HOW TO COMPLETE THIS TASK >> In the records below, pick out all lines containing the word "Header".

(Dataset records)
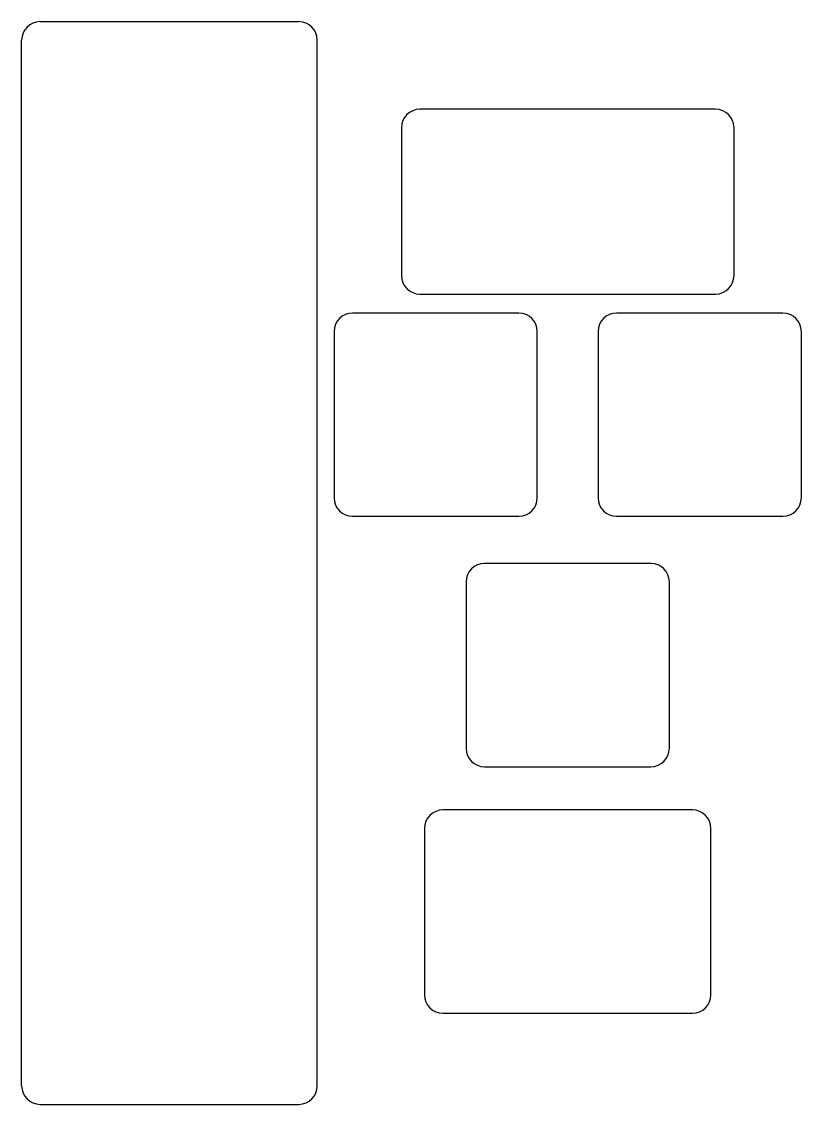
# Model space of a CAD drawing. Header units: millimetres. Extents: x 93 to 178, y 18 to 135.
import ezdxf

# ---------------------------------------------------------------- set-up
doc = ezdxf.new("R2010")
doc.units = ezdxf.units.MM

msp = doc.modelspace()

# ---------------------------------------------------------------- linework, layer by layer
for p, q in [((95.3, 134.775), (123.3, 134.775)), ((93.3, 19.625), (93.3, 132.775)), ((125.3, 19.625), (125.3, 132.775)), ((168.4, 125.3), (136.4, 125.3)), ((134.4, 123.3), (134.4, 107.3)), ((170.4, 107.3), (170.4, 123.3)), ((136.4, 105.3), (168.4, 105.3)), ((147.1125, 103.25), (129.1125, 103.25)), ((175.6875, 103.25), (157.6875, 103.25)), ((127.1125, 101.25), (127.1125, 83.25)), ((149.1125, 83.25), (149.1125, 101.25)), ((155.6875, 101.25), (155.6875, 83.25)), ((177.6875, 83.25), (177.6875, 101.25)), ((129.1125, 81.25), (147.1125, 81.25)), ((157.6875, 81.25), (175.6875, 81.25)), ((161.4, 76.15), (143.4, 76.15)), ((141.4, 74.15), (141.4, 56.15)), ((163.4, 56.15), (163.4, 74.15)), ((143.4, 54.15), (161.4, 54.15)), ((165.9, 49.48), (138.9, 49.48)), ((136.9, 47.48), (136.9, 29.48)), ((167.9, 29.48), (167.9, 47.48)), ((138.9, 27.48), (165.9, 27.48)), ((95.3, 17.625), (123.3, 17.625))]:
    msp.add_line(p, q)
for centre, start, end in [((95.3, 132.775), 90, 180), ((123.3, 132.775), 0, 90), ((136.4, 123.3), 90, 180), ((168.4, 123.3), 0, 90), ((136.4, 107.3), 180, 270), ((168.4, 107.3), 270, 360), ((129.1125, 101.25), 90, 180), ((147.1125, 101.25), 0, 90), ((157.6875, 101.25), 90, 180), ((175.6875, 101.25), 0, 90), ((129.1125, 83.25), 180, 270), ((147.1125, 83.25), 270, 360), ((157.6875, 83.25), 180, 270), ((175.6875, 83.25), 270, 360), ((143.4, 74.15), 90, 180), ((161.4, 74.15), 0, 90), ((143.4, 56.15), 180, 270), ((161.4, 56.15), 270, 360), ((138.9, 47.48), 90, 180), ((165.9, 47.48), 0, 90), ((138.9, 29.48), 180, 270), ((165.9, 29.48), 270, 360), ((95.3, 19.625), 180, 270), ((123.3, 19.625), 270, 0)]:
    msp.add_arc(centre, 2, start, end)

doc.saveas('drawing.dxf')
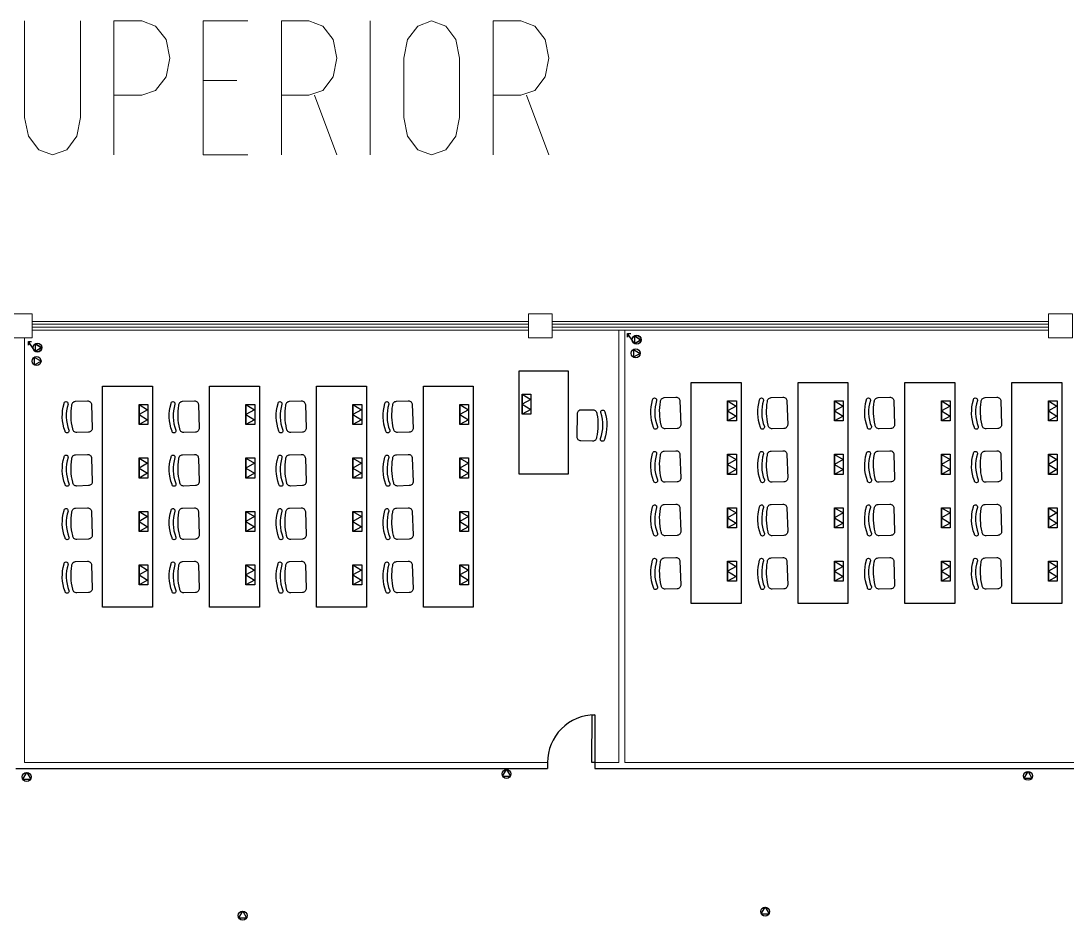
# Model space of a CAD drawing. Header units: millimetres. Extents: x 10.1 to 89.3, y 2.6 to 32.6.
# Drawn here: x 45.32 to 62.93, y 17.5 to 32.64 of the extents above; entities that cross this region are included whole.
import ezdxf

# ---------------------------------------------------------------- set-up
doc = ezdxf.new("R2010")
doc.units = ezdxf.units.MM
doc.layers.add('Mobiliario', color=140, linetype='Continuous')
doc.layers.add('pontos', color=84, linetype='Continuous')

# ---------------------------------------------------------------- blocks, each defined once
blk = doc.blocks.new('*U27')
at = {"layer": 'Mobiliario'}
blk.add_lwpolyline([(-0.42, 1.859), (0.42, 1.859), (0.42, -1.859), (-0.42, -1.859)], close=True, dxfattribs=at)
blk = doc.blocks.new('*U28')
at = {"color": 0, "linetype": 'ByBlock', "lineweight": -2, "transparency": 16777216}
for p in [(0, 0), (1.8, 0), (3.6, 0), (5.4, 0)]:
    blk.add_blockref('*U27', p, dxfattribs=at)
blk = doc.blocks.new('*U30')
at = {"layer": 'Mobiliario'}
blk.add_lwpolyline([(-0.42, 1.859), (0.42, 1.859), (0.42, -1.859), (-0.42, -1.859)], close=True, dxfattribs=at)
blk = doc.blocks.new('*U31')
at = {"color": 0, "linetype": 'ByBlock', "lineweight": -2, "transparency": 16777216}
for p in [(0, 0), (1.8, 0), (3.6, 0), (5.4, 0)]:
    blk.add_blockref('*U30', p, dxfattribs=at)

msp = doc.modelspace()

# ---------------------------------------------------------------- linework, layer by layer
for p, q in [((54.186, 20.156), (54.186, 20.056)), ((54.986, 20.156), (54.986, 20.056)), ((45.236, 20.056), (45.386, 20.056)), ((45.386, 20.056), (54.186, 20.056)), ((54.986, 20.056), (64.286, 20.056))]:
    msp.add_line(p, q)
at = {"color": 1, "lineweight": 0}
for points in [[(45.386, 32.644), (45.386, 31.016), (45.449, 30.703), (45.624, 30.471), (45.856, 30.39), (46.094, 30.471), (46.263, 30.703), (46.325, 31.016), (46.325, 32.644)], [(46.889, 30.39), (46.889, 32.644), (47.359, 32.644)], [(47.359, 31.392), (47.59, 31.473), (47.766, 31.705), (47.828, 32.018), (47.766, 32.331), (47.59, 32.556), (47.359, 32.644)], [(49.143, 30.39), (48.392, 30.39), (48.392, 32.644), (49.143, 32.644)], [(49.707, 30.39), (49.707, 32.644), (50.171, 32.644)], [(50.171, 31.392), (50.408, 31.473), (50.578, 31.705), (50.64, 32.018), (50.578, 32.331), (50.408, 32.556), (50.171, 32.644)], [(51.204, 30.39), (51.204, 32.644)], [(52.707, 32.018), (52.644, 32.331), (52.475, 32.556), (52.237, 32.644), (52.005, 32.556), (51.83, 32.331), (51.767, 32.018)], [(53.27, 30.39), (53.27, 32.644), (53.74, 32.644)], [(53.74, 31.392), (53.972, 31.473), (54.147, 31.705), (54.21, 32.018), (54.147, 32.331), (53.972, 32.556), (53.74, 32.644)], [(51.767, 31.016), (51.767, 32.018)], [(52.707, 32.018), (52.707, 31.016)], [(48.956, 31.642), (48.392, 31.642)], [(47.359, 31.392), (46.889, 31.392)], [(50.171, 31.392), (49.707, 31.392)], [(50.264, 31.392), (50.64, 30.39)], [(53.74, 31.392), (53.27, 31.392)], [(53.834, 31.392), (54.21, 30.39)], [(51.767, 31.016), (51.83, 30.703), (52.005, 30.471), (52.237, 30.39), (52.475, 30.471), (52.644, 30.703), (52.707, 31.016)]]:
    msp.add_lwpolyline(points, dxfattribs=at)
at = {"color": 7, "lineweight": 0}
for points in [[(45.11, 27.308), (45.511, 27.308), (45.511, 27.709), (45.11, 27.709), (45.11, 27.308), (45.11, 27.308)], [(53.865, 27.308), (54.266, 27.308), (54.266, 27.709), (53.865, 27.709), (53.865, 27.308), (53.865, 27.308)], [(62.62, 27.308), (63.021, 27.308), (63.021, 27.709), (62.62, 27.709), (62.62, 27.308), (62.62, 27.308)], [(45.511, 27.584), (53.865, 27.584)], [(45.511, 27.534), (53.865, 27.534)], [(45.511, 27.484), (53.865, 27.484)], [(54.266, 27.584), (62.62, 27.584)], [(54.266, 27.534), (62.62, 27.534)], [(54.266, 27.484), (62.62, 27.484)], [(45.386, 27.308), (45.386, 20.156), (54.186, 20.156)], [(45.511, 27.434), (53.865, 27.434)], [(54.266, 27.434), (62.62, 27.434)], [(54.986, 20.156), (55.386, 20.156), (55.386, 27.434)], [(55.486, 27.434), (55.486, 20.156), (64.286, 20.156)]]:
    msp.add_lwpolyline(points, dxfattribs=at)
msp.add_lwpolyline([(54.986, 20.956), (54.986, 20.156), (54.936, 20.156), (54.937, 20.956), (54.986, 20.956)])
msp.add_arc((54.986, 20.156), 0.8, 90, 180.0454)
at = {"layer": 'Mobiliario'}
for p, q in [((55.988, 26.294), (55.988, 26.294)), ((57.788, 26.294), (57.788, 26.294)), ((59.588, 26.294), (59.588, 26.294)), ((61.388, 26.294), (61.388, 26.294)), ((46.082, 26.232), (46.082, 26.232)), ((47.882, 26.232), (47.882, 26.232)), ((49.682, 26.232), (49.682, 26.232)), ((51.482, 26.232), (51.482, 26.232)), ((55.11, 25.565), (55.11, 25.565)), ((55.988, 25.394), (55.988, 25.394)), ((57.788, 25.394), (57.788, 25.394)), ((59.588, 25.394), (59.588, 25.394)), ((61.388, 25.394), (61.388, 25.394)), ((46.082, 25.332), (46.082, 25.332)), ((47.882, 25.332), (47.882, 25.332)), ((49.682, 25.332), (49.682, 25.332)), ((51.482, 25.332), (51.482, 25.332)), ((55.988, 24.494), (55.988, 24.494)), ((57.788, 24.494), (57.788, 24.494)), ((59.588, 24.494), (59.588, 24.494)), ((61.388, 24.494), (61.388, 24.494)), ((46.082, 24.432), (46.082, 24.432)), ((47.882, 24.432), (47.882, 24.432)), ((49.682, 24.432), (49.682, 24.432)), ((51.482, 24.432), (51.482, 24.432)), ((46.082, 23.532), (46.082, 23.532)), ((47.882, 23.532), (47.882, 23.532)), ((49.682, 23.532), (49.682, 23.532)), ((51.482, 23.532), (51.482, 23.532)), ((55.988, 23.594), (55.988, 23.594)), ((57.788, 23.594), (57.788, 23.594)), ((59.588, 23.594), (59.588, 23.594)), ((61.388, 23.594), (61.388, 23.594))]:
    msp.add_line(p, q, dxfattribs=at)
msp.add_lwpolyline([(54.541, 26.745), (53.704, 26.745), (53.704, 25.017), (54.541, 25.017)], close=True, dxfattribs=at)
for points in [[(46.264, 25.711, -0.414214), (46.196, 25.775, -0.100929), (46.182, 26.169, -0.414214), (46.245, 26.238), (46.443, 26.244, -0.414214), (46.511, 26.181), (46.525, 25.786, -0.414214), (46.461, 25.718)], [(48.064, 25.711, -0.414214), (47.996, 25.775, -0.100929), (47.982, 26.169, -0.414214), (48.045, 26.238), (48.243, 26.244, -0.414214), (48.311, 26.181), (48.325, 25.786, -0.414214), (48.261, 25.718)], [(49.864, 25.711, -0.414214), (49.796, 25.775, -0.100929), (49.782, 26.169, -0.414214), (49.845, 26.238), (50.043, 26.244, -0.414214), (50.111, 26.181), (50.125, 25.786, -0.414214), (50.061, 25.718)], [(51.664, 25.711, -0.414214), (51.596, 25.775, -0.100929), (51.582, 26.169, -0.414214), (51.645, 26.238), (51.843, 26.244, -0.414214), (51.911, 26.181), (51.925, 25.786, -0.414214), (51.861, 25.718)], [(56.007, 25.767), (56.007, 25.767, -0.414214), (55.973, 25.799, -0.167087), (55.957, 26.26, -0.414214), (55.988, 26.294, -0.414214), (56.022, 26.262), (56.023, 26.251, 0.175685), (56.038, 25.813), (56.038, 25.801, -0.414214)], [(56.17, 25.773, -0.414214), (56.102, 25.837, -0.100929), (56.088, 26.231, -0.414214), (56.151, 26.299), (56.349, 26.306, -0.414214), (56.417, 26.243), (56.43, 25.848, -0.414214), (56.367, 25.78)], [(57.807, 25.767), (57.807, 25.767, -0.414214), (57.773, 25.799, -0.167087), (57.757, 26.26, -0.414214), (57.788, 26.294, -0.414214), (57.822, 26.262), (57.823, 26.251, 0.175685), (57.838, 25.813), (57.838, 25.801, -0.414214)], [(57.97, 25.773, -0.414214), (57.902, 25.837, -0.100929), (57.888, 26.231, -0.414214), (57.951, 26.299), (58.149, 26.306, -0.414214), (58.217, 26.243), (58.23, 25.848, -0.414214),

ANSWER TO THE PROBLEM >>
# Model space of a CAD drawing. Header units: millimetres. Extents: x 93 to 178, y 18 to 135.
# Model space of a CAD drawing. Header units: millimetres. Extents: x 10.1 to 89.3, y 2.6 to 32.6.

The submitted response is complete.